• Dataset entries
++++++++

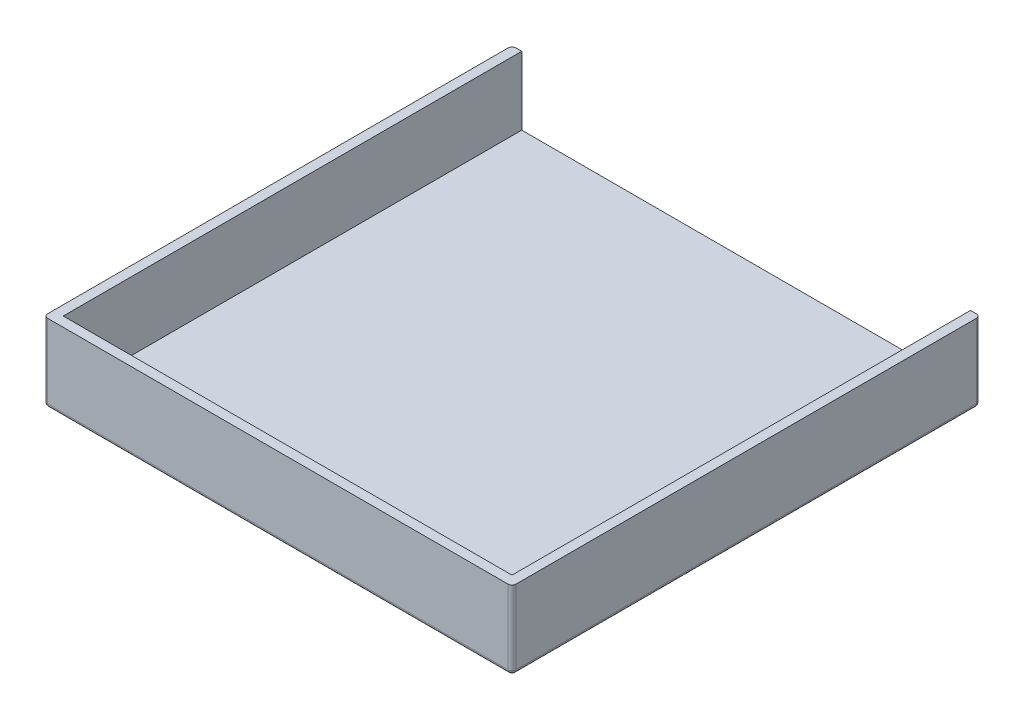
ISO-10303-21;
HEADER;
FILE_DESCRIPTION(('STEP AP214'),'2;1');
FILE_NAME('part.step','',(''),(''),'','','');
FILE_SCHEMA(('AUTOMOTIVE_DESIGN { 1 0 10303 214 1 1 1 1 }'));
ENDSEC;
DATA;
#1=APPLICATION_CONTEXT('core data for automotive mechanical design processes');
#2=APPLICATION_PROTOCOL_DEFINITION('international standard','automotive_design',2000,#1);
#3=PRODUCT_CONTEXT('',#1,'mechanical');
#4=PRODUCT('Part','Part','',(#3));
#5=PRODUCT_RELATED_PRODUCT_CATEGORY('part','',(#4));
#6=PRODUCT_DEFINITION_FORMATION('','',#4);
#7=PRODUCT_DEFINITION_CONTEXT('part definition',#1,'design');
#8=PRODUCT_DEFINITION('design','',#6,#7);
#9=PRODUCT_DEFINITION_SHAPE('','',#8);
#10=(LENGTH_UNIT() NAMED_UNIT(*) SI_UNIT(.MILLI.,.METRE.));
#11=(NAMED_UNIT(*) PLANE_ANGLE_UNIT() SI_UNIT($,.RADIAN.));
#12=(NAMED_UNIT(*) SI_UNIT($,.STERADIAN.) SOLID_ANGLE_UNIT());
#13=UNCERTAINTY_MEASURE_WITH_UNIT(LENGTH_MEASURE(1.E-05),#10,'distance_accuracy_value','');
#14=(GEOMETRIC_REPRESENTATION_CONTEXT(3) GLOBAL_UNCERTAINTY_ASSIGNED_CONTEXT((#13)) GLOBAL_UNIT_ASSIGNED_CONTEXT((#10,
#11,#12)) REPRESENTATION_CONTEXT('',''));
#15=CARTESIAN_POINT('',(0.,0.,0.));
#16=DIRECTION('',(0.,0.,1.));
#17=DIRECTION('',(1.,0.,0.));
#18=AXIS2_PLACEMENT_3D('',#15,#16,#17);
#19=CARTESIAN_POINT('',(0.,50.8,0.));
#20=DIRECTION('',(0.,-1.,0.));
#21=DIRECTION('',(0.,0.,-1.));
#22=AXIS2_PLACEMENT_3D('',#19,#20,#21);
#23=PLANE('',#22);
#24=DIRECTION('',(0.,0.,1.));
#25=VECTOR('',#24,1.);
#26=CARTESIAN_POINT('',(0.,50.8,0.));
#27=LINE('',#26,#25);
#28=CARTESIAN_POINT('',(0.,50.8,-302.26));
#29=VERTEX_POINT('',#28);
#30=CARTESIAN_POINT('',(0.,50.8,-2.54));
#31=VERTEX_POINT('',#30);
#32=EDGE_CURVE('E173',#29,#31,#27,.T.);
#33=ORIENTED_EDGE('',*,*,#32,.T.);
#34=CARTESIAN_POINT('',(2.54,50.8,-2.54));
#35=DIRECTION('',(0.,-1.,0.));
#36=DIRECTION('',(0.,0.,-1.));
#37=AXIS2_PLACEMENT_3D('',#34,#35,#36);
#38=CIRCLE('',#37,2.54);
#39=CARTESIAN_POINT('',(2.54,50.8,0.));
#40=VERTEX_POINT('',#39);
#41=EDGE_CURVE('E11',#31,#40,#38,.F.);
#42=ORIENTED_EDGE('',*,*,#41,.T.);
#43=DIRECTION('',(1.,0.,0.));
#44=VECTOR('',#43,1.);
#45=CARTESIAN_POINT('',(0.,50.8,0.));
#46=LINE('',#45,#44);
#47=CARTESIAN_POINT('',(302.26,50.8,0.));
#48=VERTEX_POINT('',#47);
#49=EDGE_CURVE('E176',#40,#48,#46,.T.);
#50=ORIENTED_EDGE('',*,*,#49,.T.);
#51=CARTESIAN_POINT('',(302.26,50.8,-2.54));
#52=DIRECTION('',(0.,-1.,0.));
#53=DIRECTION('',(0.,0.,-1.));
#54=AXIS2_PLACEMENT_3D('',#51,#52,#53);
#55=CIRCLE('',#54,2.54);
#56=CARTESIAN_POINT('',(304.8,50.8,-2.54));
#57=VERTEX_POINT('',#56);
#58=EDGE_CURVE('E42',#48,#57,#55,.F.);
#59=ORIENTED_EDGE('',*,*,#58,.T.);
#60=DIRECTION('',(0.,0.,-1.));
#61=VECTOR('',#60,1.);
#62=CARTESIAN_POINT('',(304.8,50.8,0.));
#63=LINE('',#62,#61);
#64=CARTESIAN_POINT('',(304.8,50.8,-302.26));
#65=VERTEX_POINT('',#64);
#66=EDGE_CURVE('E179',#57,#65,#63,.T.);
#67=ORIENTED_EDGE('',*,*,#66,.T.);
#68=CARTESIAN_POINT('',(302.26,50.8,-302.26));
#69=DIRECTION('',(0.,-1.,0.));
#70=DIRECTION('',(0.,0.,-1.));
#71=AXIS2_PLACEMENT_3D('',#68,#69,#70);
#72=CIRCLE('',#71,2.54);
#73=CARTESIAN_POINT('',(302.26,50.8,-304.8));
#74=VERTEX_POINT('',#73);
#75=EDGE_CURVE('E217',#65,#74,#72,.F.);
#76=ORIENTED_EDGE('',*,*,#75,.T.);
#77=DIRECTION('',(-1.,0.,0.));
#78=VECTOR('',#77,1.);
#79=CARTESIAN_POINT('',(0.,50.8,-304.8));
#80=LINE('',#79,#78);
#81=CARTESIAN_POINT('',(298.45,50.8,-304.8));
#82=VERTEX_POINT('',#81);
#83=EDGE_CURVE('E183',#74,#82,#80,.T.);
#84=ORIENTED_EDGE('',*,*,#83,.T.);
#85=DIRECTION('',(0.,0.,-1.));
#86=VECTOR('',#85,1.);
#87=CARTESIAN_POINT('',(298.45,50.8,0.));
#88=LINE('',#87,#86);
#89=CARTESIAN_POINT('',(298.45,50.8,-6.35));
#90=VERTEX_POINT('',#89);
#91=EDGE_CURVE('E167',#90,#82,#88,.T.);
#92=ORIENTED_EDGE('',*,*,#91,.F.);
#93=DIRECTION('',(1.,0.,0.));
#94=VECTOR('',#93,1.);
#95=CARTESIAN_POINT('',(0.,50.8,-6.35));
#96=LINE('',#95,#94);
#97=CARTESIAN_POINT('',(6.35,50.8,-6.35));
#98=VERTEX_POINT('',#97);
#99=EDGE_CURVE('E150',#98,#90,#96,.T.);
#100=ORIENTED_EDGE('',*,*,#99,.F.);
#101=DIRECTION('',(0.,0.,1.));
#102=VECTOR('',#101,1.);
#103=CARTESIAN_POINT('',(6.35,50.8,0.));
#104=LINE('',#103,#102);
#105=CARTESIAN_POINT('',(6.35,50.8,-304.8));
#106=VERTEX_POINT('',#105);
#107=EDGE_CURVE('E162',#106,#98,#104,.T.);
#108=ORIENTED_EDGE('',*,*,#107,.F.);
#109=CARTESIAN_POINT('',(2.54,50.8,-304.8));
#110=VERTEX_POINT('',#109);
#111=EDGE_CURVE('E182',#106,#110,#80,.T.);
#112=ORIENTED_EDGE('',*,*,#111,.T.);
#113=CARTESIAN_POINT('',(2.54,50.8,-302.26));
#114=DIRECTION('',(0.,-1.,0.));
#115=DIRECTION('',(0.,0.,-1.));
#116=AXIS2_PLACEMENT_3D('',#113,#114,#115);
#117=CIRCLE('',#116,2.54);
#118=EDGE_CURVE('E219',#110,#29,#117,.F.);
#119=ORIENTED_EDGE('',*,*,#118,.T.);
#120=EDGE_LOOP('',(#33,#42,#50,#59,#67,#76,#84,#92,#100,#108,#112,#119));
#121=FACE_BOUND('',#120,.T.);
#122=ADVANCED_FACE('F33',(#121),#23,.F.);
#123=CARTESIAN_POINT('',(0.,50.8,0.));
#124=DIRECTION('',(1.,0.,0.));
#125=DIRECTION('',(0.,0.,-1.));
#126=AXIS2_PLACEMENT_3D('',#123,#124,#125);
#127=PLANE('',#126);
#128=DIRECTION('',(0.,0.,1.));
#129=VECTOR('',#128,1.);
#130=CARTESIAN_POINT('',(0.,2.54,0.));
#131=LINE('',#130,#129);
#132=CARTESIAN_POINT('',(0.,2.54,-302.26));
#133=VERTEX_POINT('',#132);
#134=CARTESIAN_POINT('',(0.,2.54,-2.54));
#135=VERTEX_POINT('',#134);
#136=EDGE_CURVE('E50',#133,#135,#131,.T.);
#137=ORIENTED_EDGE('',*,*,#136,.T.);
#138=DIRECTION('',(0.,-1.,0.));
#139=VECTOR('',#138,1.);
#140=CARTESIAN_POINT('',(0.,50.8,-2.54));
#141=LINE('',#140,#139);
#142=EDGE_CURVE('E215',#135,#31,#141,.F.);
#143=ORIENTED_EDGE('',*,*,#142,.T.);
#144=ORIENTED_EDGE('',*,*,#32,.F.);
#145=DIRECTION('',(0.,-1.,0.));
#146=VECTOR('',#145,1.);
#147=CARTESIAN_POINT('',(0.,50.8,-302.26));
#148=LINE('',#147,#146);
#149=EDGE_CURVE('E55',#29,#133,#148,.T.);
#150=ORIENTED_EDGE('',*,*,#149,.T.);
#151=EDGE_LOOP('',(#137,#143,#144,#150));
#152=FACE_BOUND('',#151,.T.);
#153=ADVANCED_FACE('F284',(#152),#127,.F.);
#154=CARTESIAN_POINT('',(0.,50.8,0.));
#155=DIRECTION('',(0.,0.,-1.));
#156=DIRECTION('',(-1.,0.,0.));
#157=AXIS2_PLACEMENT_3D('',#154,#155,#156);
#158=PLANE('',#157);
#159=ORIENTED_EDGE('',*,*,#49,.F.);
#160=DIRECTION('',(0.,-1.,0.));
#161=VECTOR('',#160,1.);
#162=CARTESIAN_POINT('',(2.54,50.8,0.));
#163=LINE('',#162,#161);
#164=CARTESIAN_POINT('',(2.54,2.54,0.));
#165=VERTEX_POINT('',#164);
#166=EDGE_CURVE('E190',#40,#165,#163,.T.);
#167=ORIENTED_EDGE('',*,*,#166,.T.);
#168=DIRECTION('',(1.,0.,0.));
#169=VECTOR('',#168,1.);
#170=CARTESIAN_POINT('',(304.8,2.54,0.));
#171=LINE('',#170,#169);
#172=CARTESIAN_POINT('',(302.26,2.54,0.));
#173=VERTEX_POINT('',#172);
#174=EDGE_CURVE('E187',#165,#173,#171,.T.);
#175=ORIENTED_EDGE('',*,*,#174,.T.);
#176=DIRECTION('',(0.,-1.,0.));
#177=VECTOR('',#176,1.);
#178=CARTESIAN_POINT('',(302.26,50.8,0.));
#179=LINE('',#178,#177);
#180=EDGE_CURVE('E185',#173,#48,#179,.F.);
#181=ORIENTED_EDGE('',*,*,#180,.T.);
#182=EDGE_LOOP('',(#159,#167,#175,#181));
#183=FACE_BOUND('',#182,.T.);
#184=ADVANCED_FACE('F288',(#183),#158,.F.);
#185=CARTESIAN_POINT('',(304.8,50.8,0.));
#186=DIRECTION('',(-1.,0.,0.));
#187=DIRECTION('',(0.,0.,1.));
#188=AXIS2_PLACEMENT_3D('',#185,#186,#187);
#189=PLANE('',#188);
#190=ORIENTED_EDGE('',*,*,#66,.F.);
#191=DIRECTION('',(0.,-1.,0.));
#192=VECTOR('',#191,1.);
#193=CARTESIAN_POINT('',(304.8,50.8,-2.54));
#194=LINE('',#193,#192);
#195=CARTESIAN_POINT('',(304.8,2.54,-2.54));
#196=VERTEX_POINT('',#195);
#197=EDGE_CURVE('E205',#57,#196,#194,.T.);
#198=ORIENTED_EDGE('',*,*,#197,.T.);
#199=DIRECTION('',(0.,0.,-1.));
#200=VECTOR('',#199,1.);
#201=CARTESIAN_POINT('',(304.8,2.54,-304.8));
#202=LINE('',#201,#200);
#203=CARTESIAN_POINT('',(304.8,2.54,-302.26));
#204=VERTEX_POINT('',#203);
#205=EDGE_CURVE('E203',#196,#204,#202,.T.);
#206=ORIENTED_EDGE('',*,*,#205,.T.);
#207=DIRECTION('',(0.,-1.,0.));
#208=VECTOR('',#207,1.);
#209=CARTESIAN_POINT('',(304.8,50.8,-302.26));
#210=LINE('',#209,#208);
#211=EDGE_CURVE('E201',#204,#65,#210,.F.);
#212=ORIENTED_EDGE('',*,*,#211,.T.);
#213=EDGE_LOOP('',(#190,#198,#206,#212));
#214=FACE_BOUND('',#213,.T.);
#215=ADVANCED_FACE('F297',(#214),#189,.F.);
#216=CARTESIAN_POINT('',(0.,50.8,-304.8));
#217=DIRECTION('',(0.,0.,1.));
#218=DIRECTION('',(1.,0.,0.));
#219=AXIS2_PLACEMENT_3D('',#216,#217,#218);
#220=PLANE('',#219);
#221=DIRECTION('',(-1.,0.,0.));
#222=VECTOR('',#221,1.);
#223=CARTESIAN_POINT('',(0.,2.54,-304.8));
#224=LINE('',#223,#222);
#225=CARTESIAN_POINT('',(302.26,2.54,-304.8));
#226=VERTEX_POINT('',#225);
#227=CARTESIAN_POINT('',(2.54,2.54,-304.8));
#228=VERTEX_POINT('',#227);
#229=EDGE_CURVE('E209',#226,#228,#224,.T.);
#230=ORIENTED_EDGE('',*,*,#229,.T.);
#231=DIRECTION('',(0.,-1.,0.));
#232=VECTOR('',#231,1.);
#233=CARTESIAN_POINT('',(2.54,50.8,-304.8));
#234=LINE('',#233,#232);
#235=EDGE_CURVE('E211',#228,#110,#234,.F.);
#236=ORIENTED_EDGE('',*,*,#235,.T.);
#237=ORIENTED_EDGE('',*,*,#111,.F.);
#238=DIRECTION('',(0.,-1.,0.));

++++++++

From the line containing "#210=LINE('',#209,#208);" through the last line of the entries above, print each line exactly as it stands.

#210=LINE('',#209,#208);
#211=EDGE_CURVE('E201',#204,#65,#210,.F.);
#212=ORIENTED_EDGE('',*,*,#211,.T.);
#213=EDGE_LOOP('',(#190,#198,#206,#212));
#214=FACE_BOUND('',#213,.T.);
#215=ADVANCED_FACE('F297',(#214),#189,.F.);
#216=CARTESIAN_POINT('',(0.,50.8,-304.8));
#217=DIRECTION('',(0.,0.,1.));
#218=DIRECTION('',(1.,0.,0.));
#219=AXIS2_PLACEMENT_3D('',#216,#217,#218);
#220=PLANE('',#219);
#221=DIRECTION('',(-1.,0.,0.));
#222=VECTOR('',#221,1.);
#223=CARTESIAN_POINT('',(0.,2.54,-304.8));
#224=LINE('',#223,#222);
#225=CARTESIAN_POINT('',(302.26,2.54,-304.8));
#226=VERTEX_POINT('',#225);
#227=CARTESIAN_POINT('',(2.54,2.54,-304.8));
#228=VERTEX_POINT('',#227);
#229=EDGE_CURVE('E209',#226,#228,#224,.T.);
#230=ORIENTED_EDGE('',*,*,#229,.T.);
#231=DIRECTION('',(0.,-1.,0.));
#232=VECTOR('',#231,1.);
#233=CARTESIAN_POINT('',(2.54,50.8,-304.8));
#234=LINE('',#233,#232);
#235=EDGE_CURVE('E211',#228,#110,#234,.F.);
#236=ORIENTED_EDGE('',*,*,#235,.T.);
#237=ORIENTED_EDGE('',*,*,#111,.F.);
#238=DIRECTION('',(0.,-1.,0.));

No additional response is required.